■ PROBLEM DETAILS ■
Identify and pull out each line of the entries in which "Camaro" occurs.

■ ENTRIES SUPPLIED ■
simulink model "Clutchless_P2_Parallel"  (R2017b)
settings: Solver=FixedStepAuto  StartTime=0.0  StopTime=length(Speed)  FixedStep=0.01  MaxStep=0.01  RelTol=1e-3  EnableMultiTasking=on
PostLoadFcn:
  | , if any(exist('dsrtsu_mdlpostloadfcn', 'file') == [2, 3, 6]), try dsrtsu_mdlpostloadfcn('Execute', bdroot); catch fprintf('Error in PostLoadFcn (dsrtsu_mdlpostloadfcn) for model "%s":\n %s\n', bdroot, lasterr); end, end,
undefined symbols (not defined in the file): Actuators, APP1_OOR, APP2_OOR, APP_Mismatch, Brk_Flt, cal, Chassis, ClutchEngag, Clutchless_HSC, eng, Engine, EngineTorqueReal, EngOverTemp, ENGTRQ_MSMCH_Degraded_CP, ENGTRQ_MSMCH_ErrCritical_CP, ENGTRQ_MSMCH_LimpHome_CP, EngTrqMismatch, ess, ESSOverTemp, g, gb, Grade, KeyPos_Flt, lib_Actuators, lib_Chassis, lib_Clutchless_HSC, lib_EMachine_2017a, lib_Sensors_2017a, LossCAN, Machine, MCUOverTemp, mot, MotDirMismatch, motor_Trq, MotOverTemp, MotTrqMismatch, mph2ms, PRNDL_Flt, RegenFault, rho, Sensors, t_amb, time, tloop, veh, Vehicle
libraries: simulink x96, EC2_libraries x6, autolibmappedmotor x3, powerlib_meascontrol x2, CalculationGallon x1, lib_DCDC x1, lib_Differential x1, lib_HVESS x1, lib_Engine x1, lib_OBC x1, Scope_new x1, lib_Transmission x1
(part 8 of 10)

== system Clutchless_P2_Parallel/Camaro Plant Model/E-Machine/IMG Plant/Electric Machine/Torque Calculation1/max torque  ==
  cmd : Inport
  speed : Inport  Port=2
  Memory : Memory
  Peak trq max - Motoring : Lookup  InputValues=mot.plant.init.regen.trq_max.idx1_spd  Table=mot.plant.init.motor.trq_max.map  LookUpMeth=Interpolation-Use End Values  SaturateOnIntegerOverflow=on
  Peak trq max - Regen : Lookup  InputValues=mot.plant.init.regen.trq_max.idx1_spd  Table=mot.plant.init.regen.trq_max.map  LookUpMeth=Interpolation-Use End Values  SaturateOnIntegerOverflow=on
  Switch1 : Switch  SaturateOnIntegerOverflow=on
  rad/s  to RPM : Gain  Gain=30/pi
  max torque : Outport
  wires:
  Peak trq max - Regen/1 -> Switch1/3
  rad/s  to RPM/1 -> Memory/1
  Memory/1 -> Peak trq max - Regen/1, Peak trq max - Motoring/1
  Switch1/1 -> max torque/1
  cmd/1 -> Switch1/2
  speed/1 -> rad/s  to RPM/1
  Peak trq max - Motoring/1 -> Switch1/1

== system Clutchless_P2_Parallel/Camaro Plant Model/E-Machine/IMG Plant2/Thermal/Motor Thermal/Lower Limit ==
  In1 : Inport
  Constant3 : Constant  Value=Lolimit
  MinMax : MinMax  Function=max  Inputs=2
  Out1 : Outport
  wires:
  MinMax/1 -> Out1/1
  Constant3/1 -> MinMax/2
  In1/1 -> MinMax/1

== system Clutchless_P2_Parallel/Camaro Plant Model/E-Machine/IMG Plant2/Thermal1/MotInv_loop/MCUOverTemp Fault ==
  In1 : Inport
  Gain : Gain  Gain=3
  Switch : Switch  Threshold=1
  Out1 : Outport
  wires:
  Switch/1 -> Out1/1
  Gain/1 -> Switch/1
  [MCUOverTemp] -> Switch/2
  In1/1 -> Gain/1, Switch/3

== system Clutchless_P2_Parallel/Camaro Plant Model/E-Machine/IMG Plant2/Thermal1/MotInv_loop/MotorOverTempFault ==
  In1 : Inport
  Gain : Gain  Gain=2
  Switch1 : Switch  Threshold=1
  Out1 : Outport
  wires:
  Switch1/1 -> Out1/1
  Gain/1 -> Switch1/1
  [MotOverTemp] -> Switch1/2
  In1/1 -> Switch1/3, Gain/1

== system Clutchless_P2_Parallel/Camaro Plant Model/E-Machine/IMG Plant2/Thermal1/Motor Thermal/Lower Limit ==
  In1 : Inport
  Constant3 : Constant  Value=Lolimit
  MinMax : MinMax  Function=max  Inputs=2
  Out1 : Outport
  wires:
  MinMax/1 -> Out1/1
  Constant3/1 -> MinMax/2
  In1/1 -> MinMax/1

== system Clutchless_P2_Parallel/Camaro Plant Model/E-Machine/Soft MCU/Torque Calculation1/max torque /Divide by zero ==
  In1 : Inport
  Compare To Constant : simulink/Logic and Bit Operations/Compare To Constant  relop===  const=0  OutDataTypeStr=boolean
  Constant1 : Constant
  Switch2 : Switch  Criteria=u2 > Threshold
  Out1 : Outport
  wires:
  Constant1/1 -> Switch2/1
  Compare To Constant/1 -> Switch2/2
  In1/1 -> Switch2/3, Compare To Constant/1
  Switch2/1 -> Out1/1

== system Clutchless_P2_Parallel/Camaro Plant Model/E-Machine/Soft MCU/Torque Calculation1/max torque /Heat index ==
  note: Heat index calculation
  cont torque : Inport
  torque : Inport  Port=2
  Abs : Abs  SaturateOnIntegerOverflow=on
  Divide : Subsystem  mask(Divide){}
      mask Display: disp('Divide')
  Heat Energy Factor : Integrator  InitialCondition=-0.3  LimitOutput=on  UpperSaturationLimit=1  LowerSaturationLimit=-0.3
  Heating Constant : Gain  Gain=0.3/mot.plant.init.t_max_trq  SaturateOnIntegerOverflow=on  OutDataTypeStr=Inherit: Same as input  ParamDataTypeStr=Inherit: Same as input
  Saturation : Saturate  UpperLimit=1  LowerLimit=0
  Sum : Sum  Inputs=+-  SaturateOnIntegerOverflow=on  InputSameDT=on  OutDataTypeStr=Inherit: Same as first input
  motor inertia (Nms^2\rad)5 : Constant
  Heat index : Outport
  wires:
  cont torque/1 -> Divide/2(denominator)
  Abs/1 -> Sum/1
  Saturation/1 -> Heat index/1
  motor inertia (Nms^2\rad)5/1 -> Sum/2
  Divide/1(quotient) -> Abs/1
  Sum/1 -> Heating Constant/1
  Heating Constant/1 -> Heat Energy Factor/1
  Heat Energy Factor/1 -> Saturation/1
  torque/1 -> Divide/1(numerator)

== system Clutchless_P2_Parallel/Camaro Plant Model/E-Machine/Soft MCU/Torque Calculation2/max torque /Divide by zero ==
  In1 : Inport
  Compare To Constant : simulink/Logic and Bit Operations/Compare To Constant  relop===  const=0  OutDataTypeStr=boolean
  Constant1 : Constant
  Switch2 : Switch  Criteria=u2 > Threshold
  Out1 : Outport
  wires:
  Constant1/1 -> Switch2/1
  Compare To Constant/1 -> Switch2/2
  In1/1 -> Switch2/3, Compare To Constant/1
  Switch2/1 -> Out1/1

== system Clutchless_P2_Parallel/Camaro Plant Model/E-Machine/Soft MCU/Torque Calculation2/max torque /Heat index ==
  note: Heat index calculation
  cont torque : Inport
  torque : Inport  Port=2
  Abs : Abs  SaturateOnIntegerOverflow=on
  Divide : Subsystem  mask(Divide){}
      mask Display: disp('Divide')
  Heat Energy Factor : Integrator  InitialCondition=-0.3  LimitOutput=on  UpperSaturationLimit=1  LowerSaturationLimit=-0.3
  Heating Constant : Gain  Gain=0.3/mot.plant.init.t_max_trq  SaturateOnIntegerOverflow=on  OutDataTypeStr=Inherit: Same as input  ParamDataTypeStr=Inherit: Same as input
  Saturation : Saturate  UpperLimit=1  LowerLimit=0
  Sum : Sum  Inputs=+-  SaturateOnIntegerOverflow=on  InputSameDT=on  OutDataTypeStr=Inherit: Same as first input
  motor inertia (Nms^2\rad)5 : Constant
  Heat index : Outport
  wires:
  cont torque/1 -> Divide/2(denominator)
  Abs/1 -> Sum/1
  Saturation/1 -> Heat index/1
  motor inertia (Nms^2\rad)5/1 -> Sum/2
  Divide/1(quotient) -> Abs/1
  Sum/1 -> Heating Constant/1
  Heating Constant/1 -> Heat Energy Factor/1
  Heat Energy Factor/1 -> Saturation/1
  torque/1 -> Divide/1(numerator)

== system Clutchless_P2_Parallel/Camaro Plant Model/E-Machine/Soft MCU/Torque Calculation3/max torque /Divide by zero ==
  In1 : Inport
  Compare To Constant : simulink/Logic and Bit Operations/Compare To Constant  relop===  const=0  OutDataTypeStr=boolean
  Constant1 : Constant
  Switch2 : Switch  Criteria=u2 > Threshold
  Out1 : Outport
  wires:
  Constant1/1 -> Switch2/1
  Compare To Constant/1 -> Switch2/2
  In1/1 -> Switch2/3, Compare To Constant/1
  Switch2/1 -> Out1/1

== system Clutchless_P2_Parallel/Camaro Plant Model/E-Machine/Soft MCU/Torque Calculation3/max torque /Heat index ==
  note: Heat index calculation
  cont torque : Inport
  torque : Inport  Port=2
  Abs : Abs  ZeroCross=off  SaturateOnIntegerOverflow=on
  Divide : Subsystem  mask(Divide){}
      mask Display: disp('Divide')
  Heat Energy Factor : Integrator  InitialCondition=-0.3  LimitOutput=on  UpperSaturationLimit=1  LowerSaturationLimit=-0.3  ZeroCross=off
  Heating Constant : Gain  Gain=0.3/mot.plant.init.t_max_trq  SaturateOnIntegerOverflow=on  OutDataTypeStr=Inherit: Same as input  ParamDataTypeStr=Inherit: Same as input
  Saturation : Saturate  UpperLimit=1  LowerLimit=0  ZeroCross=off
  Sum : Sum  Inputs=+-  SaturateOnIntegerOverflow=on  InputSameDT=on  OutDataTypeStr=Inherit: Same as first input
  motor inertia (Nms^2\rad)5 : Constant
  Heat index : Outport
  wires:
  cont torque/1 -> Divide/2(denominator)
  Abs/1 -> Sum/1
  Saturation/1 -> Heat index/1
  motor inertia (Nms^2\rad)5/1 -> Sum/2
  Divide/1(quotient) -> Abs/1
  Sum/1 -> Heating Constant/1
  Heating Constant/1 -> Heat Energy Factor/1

■ OUTPUT OF THE TASK ■
== system Clutchless_P2_Parallel/Camaro Plant Model/E-Machine/IMG Plant/Electric Machine/Torque Calculation1/max torque  ==
== system Clutchless_P2_Parallel/Camaro Plant Model/E-Machine/IMG Plant2/Thermal/Motor Thermal/Lower Limit ==
== system Clutchless_P2_Parallel/Camaro Plant Model/E-Machine/IMG Plant2/Thermal1/MotInv_loop/MCUOverTemp Fault ==
== system Clutchless_P2_Parallel/Camaro Plant Model/E-Machine/IMG Plant2/Thermal1/MotInv_loop/MotorOverTempFault ==
== system Clutchless_P2_Parallel/Camaro Plant Model/E-Machine/IMG Plant2/Thermal1/Motor Thermal/Lower Limit ==
== system Clutchless_P2_Parallel/Camaro Plant Model/E-Machine/Soft MCU/Torque Calculation1/max torque /Divide by zero ==
== system Clutchless_P2_Parallel/Camaro Plant Model/E-Machine/Soft MCU/Torque Calculation1/max torque /Heat index ==
== system Clutchless_P2_Parallel/Camaro Plant Model/E-Machine/Soft MCU/Torque Calculation2/max torque /Divide by zero ==
== system Clutchless_P2_Parallel/Camaro Plant Model/E-Machine/Soft MCU/Torque Calculation2/max torque /Heat index ==
== system Clutchless_P2_Parallel/Camaro Plant Model/E-Machine/Soft MCU/Torque Calculation3/max torque /Divide by zero ==
== system Clutchless_P2_Parallel/Camaro Plant Model/E-Machine/Soft MCU/Torque Calculation3/max torque /Heat index ==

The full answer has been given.